Но вот, начиная с первой декады января 1942 года, начальник генерального штаба почти ежедневно упоминает маленький населенный пункт на западе от Москвы, провинциальный, ничем не примечательный, — Сухиничи.
Каждый день немецкий высокопоставленный генерал старательно выводил в своем дневнике трудно звучащее для немецкого уха слово — «Сухиничи».
Листаем дневник:
«8 января 1942 года.
Очень трудный день.
Развитие прорыва противника у Сухиничей на запад начинает становиться для Клюге невыносимым».
Фельдмаршал Клюге, командующий группой армий «Центр», нацеленной на Москву, не последняя спица в колеснице немецкой военщины. А вот и ему под Сухиничами стало невыносимо!
«9 января.
Обстановка требует принятия серьезных и срочных решений.
В районе прорыва под Сухиничами противник продолжает развивать наступление в западном направлении».
Все побоку. Сухиничи требуют «серьезных и срочных решений». И действительно, уже через день Гальдер делает новую запись в дневнике:
«11 января.
Гитлер принял решение: предпринять наступление на Сухиничи. Указание Гитлера: прежде всего удерживать Сухиничи».
Подумать только: на гигантских просторах России идут невиданные по своему напряжению бои. Не взята Москва, держится окруженный Ленинград, героически сражается Севастополь, а у Гитлера, как гвоздь, застрял в голове город Сухиничи: «Прежде всего удерживать Сухиничи!»
«15 января.
В районе мешка под Сухиничами противник усиливается, главный удар он наносит в северном направлении».
«16 января.
Противник развивает наступление через бреши в районе Сухиничи».
«18 января.
2-я танковая армия успешно продвигается в направлении Сухиничей».
«19 января.
2-я танковая армия продолжает успешное наступление на Сухиничи».
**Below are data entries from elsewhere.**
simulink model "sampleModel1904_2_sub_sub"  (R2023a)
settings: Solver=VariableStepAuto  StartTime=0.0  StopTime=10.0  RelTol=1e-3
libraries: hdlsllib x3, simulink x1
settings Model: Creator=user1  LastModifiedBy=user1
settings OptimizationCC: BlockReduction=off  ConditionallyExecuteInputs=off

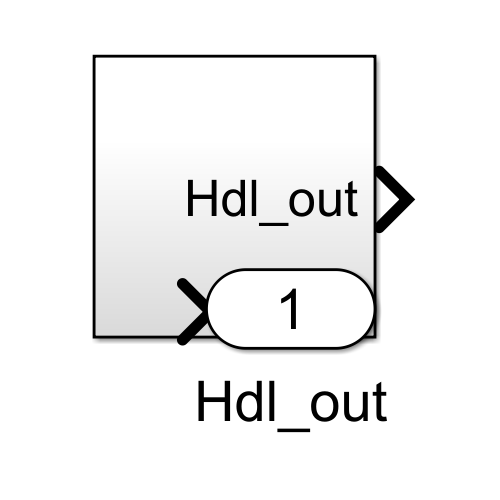
[thumbnail: Simulink's stored preview of the top-level diagram]
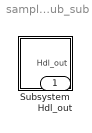
== system sampleModel1904_2_sub_sub ==
  Subsystem : Subsystem
  Hdl_out : Outport  OutDataTypeStr=uint8

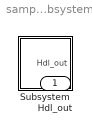
== system sampleModel1904_2_sub_sub/Subsystem ==
  Subsystem : Subsystem
  Hdl_out : Outport  OutDataTypeStr=uint8

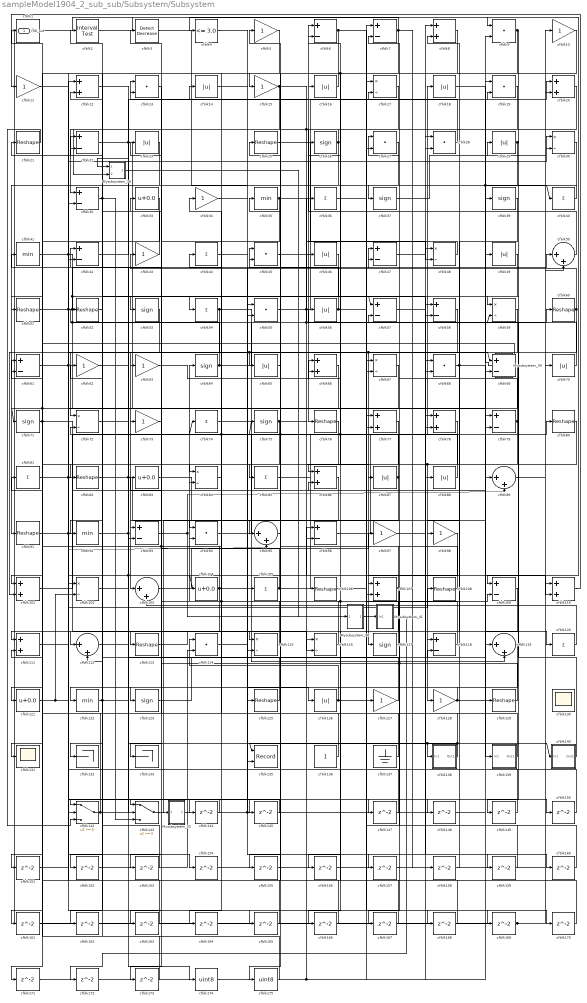
== system sampleModel1904_2_sub_sub/Subsystem/Subsystem ==
  Mysubsystem_33 : Subsystem  TreatAsAtomicUnit=on  RTWFcnName=Mysubsystem_33
      settings: RTWFcnNameOpts=User specified  RTWFileNameOpts=Use function name
  Mysubsystem_36 : Subsystem  TreatAsAtomicUnit=on  RTWFcnName=Mysubsystem_36
      settings: RTWFcnNameOpts=User specified  RTWFileNameOpts=Use function name
  Mysubsystem_38 : Subsystem  TreatAsAtomicUnit=on  RTWFcnName=Mysubsystem_38
      settings: RTWFcnNameOpts=User specified  RTWFileNameOpts=Use function name
  Mysubsystem_39 : Subsystem  TreatAsAtomicUnit=on  RTWFcnName=Mysubsystem_39
      settings: RTWFcnNameOpts=User specified  RTWFileNameOpts=Use function name
  Mysubsystem_41 : Subsystem  TreatAsAtomicUnit=on  RTWFcnName=Mysubsystem_41
      settings: RTWFcnNameOpts=User specified  RTWFileNameOpts=Use function name
  cfblk1 : hdlsllib/Logic and Bit Operations/Compare To Zero  relop=<=  OutDataTypeStr=uint8
  cfblk{5,10..11,15,34,43,62..63,73,97..98,127..128} (13 alike) : Gain  OutDataTypeStr=uint8
  cfblk{8,12,20,66,77..78,86,101,107,110..111} (11 alike) : Sum  OutDataTypeStr=uint8
  cfblk{17,30,48,59,67,72,84,102,115..116} (10 alike) : Product  Inputs=*/  OutDataTypeStr=uint8  RndMeth=Zero  SaturateOnIntegerOverflow=on
  cfblk{50,89,95,103,112,119} (6 alike) : Sum  Inputs=|++  OutDataTypeStr=uint8
  cfblk{33,83,104,121} (4 alike) : Bias  Bias=0.0  SaturateOnIntegerOverflow=off
  cfblk{36,40,44,54,74,81,85,105,120} (9 alike) : Sum  Inputs=+  OutDataTypeStr=uint8
  cfblk{21,25,51..52,60,76,80,82,91,106,108,113,125,129} (14 alike) : Reshape
  cfblk{6..7,22,32,42,47,57..58,61,69,79,93,96,109,118} (15 alike) : Sum  Inputs=+-  OutDataTypeStr=uint8
  cfblk{9,13,19,27..28,45,55,68,94,114} (10 alike) : DotProduct  OutDataTypeStr=uint8
  cfblk{26,37,39,53,64,71,75,117,123} (9 alike) : Signum
  cfblk{35,41,92,122} (4 alike) : MinMax  OutDataTypeStr=uint8
  cfblk{14,16,18,23,29,46,49,56,65,70,87..88,126} (13 alike) : Abs  OutDataTypeStr=uint8  SaturateOnIntegerOverflow=off
  cfblk130 : Scope
      settings: Floating=on
  cfblk131 : Scope
  cfblk132 : Terminator
  cfblk133 : Terminator
  cfblk135 : Record  FileSettingsInternal="{\"entries\":[{\"content\":{\"excelSettings\":{\"content\":{},\"type\":\"Streamout.ExcelSettings\"}},\"type\":\"Streamout.FileSettingStorage\",\"uuid\":\"\"}],\"packageUris\":[\"http:\\/\\/schema.mathworks.com\\/mf0\\/streamout_blocks\\/R2020a\"],\"version\":\"1.0\"}"  Layout=[1 1]  SignalsInternal="{\"entries\":[{\"content\":{\"signals\":[{\"content\":{\"blockPath\":[],\"dimensions\":[1],\"domain\":\"\",\"lineColor\":\"#a2142f\",\"plots\":[1],\"port\":1,\"signalID\":50152,\"signalName\":\"cfblk138\"},\"type\":\"RecordBlkView.Signal\",\"uuid\":\"\"},{\"content\":{\"blockPath\":[],\"dimensions\":[1],\"domain\":\"\",\"lineColor\":\"#139fff\",\"plots\":[1],\"port\":2,\"signalID\":50155,\"signalName\":\"cfblk92\"},\"type\":\"RecordBlkView.Signal\",\"uuid\":\"\"}]},\"type\":\"RecordBlkView.InputSignals\",\"uuid\":\"\"}],\"packageUris\":[\"http:\\/\\/schema.mathworks.com\\/mf0\\/streamout_blocks\\/R2020a\"],\"version\":\"1.0\"}"  VisualizationBindings="{\"xyplotplugin\":{\"info\":[{\"series\":[{\"bindingParametersList\":[{\"parameter\":\"X-Axis\",\"signalID\":50152,\"signalName\":\"cfblk138\"},{\"parameter\":\"Y-Axis\",\"signalID\":50155,\"signalName\":\"cfblk92\"}],\"seriesID\":31541}],\"subplotID\":1}]}}"  CompatibilityTag=XY  st=-1
  cfblk136 : Constant  OutDataTypeStr=uint8  SampleTime=-1
  cfblk137 : Ground
  cfblk138 : Subsystem
      settings: LibrarySourceBlock=|
      | hdlsllib/Ports &
      | Subsystems/Subsystem
  cfblk139 : Subsystem
      settings: LibrarySourceBlock=|
      | hdlsllib/Ports &
      | Subsystems/Subsystem
  cfblk140 : Subsystem
      settings: LibrarySourceBlock=|
      | hdlsllib/Ports &
      | Subsystems/Subsystem
  cfblk142 : Switch  OutDataTypeStr=uint8  SaturateOnIntegerOverflow=off  InputSameDT=off
  cfblk143 : Switch  OutDataTypeStr=uint8  SaturateOnIntegerOverflow=off  InputSameDT=off
  cfblk{144..145,147..173} (29 alike) : Delay  SampleTime=1
  cfblk174 : DataTypeConversion  OutDataTypeStr=uint8  SaturateOnIntegerOverflow=off  RndMeth=Floor
  cfblk175 : DataTypeConversion  OutDataTypeStr=uint8  SaturateOnIntegerOverflow=off  RndMeth=Floor
  cfblk2 : hdlsllib/Logic and Bit Operations/Interval Test  IntervalClosedRight=on  uplimit=0.5  IntervalClosedLeft=on  lowlimit=-0.5  OutDataTypeStr=uint8
  cfblk3 : simulink/Logic and Bit Operations/Detect Decrease  vinit=0.0  OutDataTypeStr=uint8
      settings: LibrarySourceBlock=|
      | hdlsllib/Logic and Bit
      | Operations/Detect
      | Decrease
  cfblk4 : hdlsllib/Logic and Bit Operations/Compare To Constant  relop=<=  const=3.0  OutDataTypeStr=uint8
  Hdl_out : Outport  OutDataTypeStr=uint8
  wires:
  Mysubsystem_39/1(Out1) -> cfblk151/1
  Mysubsystem_38/1(Out1) -> cfblk172/1
  Mysubsystem_36/1(Out1) -> Mysubsystem_38/1(In1)
  Mysubsystem_33/1(Out1) -> cfblk28/1
  cfblk86/1 -> Mysubsystem_33/1(In1)
  cfblk175/1 -> cfblk62/1
  cfblk174/1 -> cfblk89/1, cfblk106/1
  cfblk173/1 -> cfblk1/1
  cfblk172/1 -> cfblk68/2
  cfblk171/1 -> cfblk27/2
  cfblk170/1 -> cfblk102/1
  cfblk169/1 -> cfblk20/2, Hdl_out/1
  cfblk168/1 -> cfblk111/2
  cfblk167/1 -> cfblk6/2
  cfblk166/1 -> cfblk45/2
  cfblk165/1 -> cfblk22/2
  cfblk164/1 -> cfblk110/1
  cfblk163/1 -> cfblk112/2
  cfblk162/1 -> cfblk96/1
  cfblk49/1 -> cfblk162/1
  cfblk161/1 -> cfblk116/1
  cfblk66/1 -> cfblk161/1
  cfblk160/1 -> cfblk77/1
  cfblk57/1 -> cfblk160/1
  cfblk159/1 -> cfblk17/2
  cfblk44/1 -> cfblk159/1
  cfblk158/1 -> cfblk8/2
  cfblk157/1 -> cfblk79/1
  cfblk4/1 -> cfblk157/1
  cfblk156/1 -> cfblk19/1
  cfblk119/1 -> cfblk156/1
  cfblk155/1 -> cfblk50/2
  cfblk65/1 -> cfblk155/1
  cfblk154/1 -> cfblk58/1
  cfblk153/1 -> cfblk72/2
  cfblk73/1 -> cfblk153/1
  cfblk152/1 -> cfblk114/2
  cfblk151/1 -> cfblk32/2
  cfblk150/1 -> cfblk55/1
  cfblk97/1 -> cfblk150/1
  cfblk149/1 -> cfblk78/1
  cfblk148/1 -> cfblk9/2
  cfblk106/1 -> cfblk148/1
  cfblk147/1 -> cfblk12/1
  cfblk145/1 -> cfblk143/1
  cfblk95/1 -> cfblk145/1
  cfblk144/1 -> cfblk142/2
  cfblk84/1 -> cfblk144/1
  cfblk15/1 -> cfblk48/2, cfblk152/1
  cfblk70/1 -> cfblk27/1
  cfblk101/1 -> cfblk69/2
  cfblk61/1 -> cfblk69/1, cfblk65/1, cfblk154/1
  cfblk92/1 -> cfblk84/2, cfblk135/2
  cfblk68/1 -> cfblk118/1, cfblk120/1
  cfblk25/1 -> cfblk67/1
  cfblk47/1 -> cfblk20/1
  cfblk23/1 -> cfblk111/1
  cfblk21/1 -> cfblk142/3
  cfblk11/1 -> cfblk78/2
  cfblk39/1 -> cfblk98/1
  cfblk72/1 -> cfblk104/1, cfblk170/1
  cfblk33/1 -> cfblk101/1, cfblk71/1
  cfblk122/1 -> cfblk22/1, cfblk118/2
  cfblk28/1 -> cfblk14/1
  cfblk83/1 -> cfblk139/1(In1)
  cfblk98/1 -> cfblk107/1
  cfblk19/1 -> cfblk96/2, cfblk173/1
  cfblk6/1 -> cfblk58/2, cfblk175/1
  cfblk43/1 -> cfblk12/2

Не та ли танковая армия, что так «успешно» под командованием лучшего танкиста Германии генерала Гудериана минувшей осенью полегла в районе Каширы и Тулы?!
«24 января.
Южнее Сухиничей обстановка напряженная в связи с наступлением противника... И радость: зато мы нанесли удар в северном направлении и освободили Сухиничи».
Как мало теперь надо немецкому генеральному штабу для того, чтобы обрадоваться. Взяли Сухиничи — и радость. Впрочем, не рано ли они обрадовались?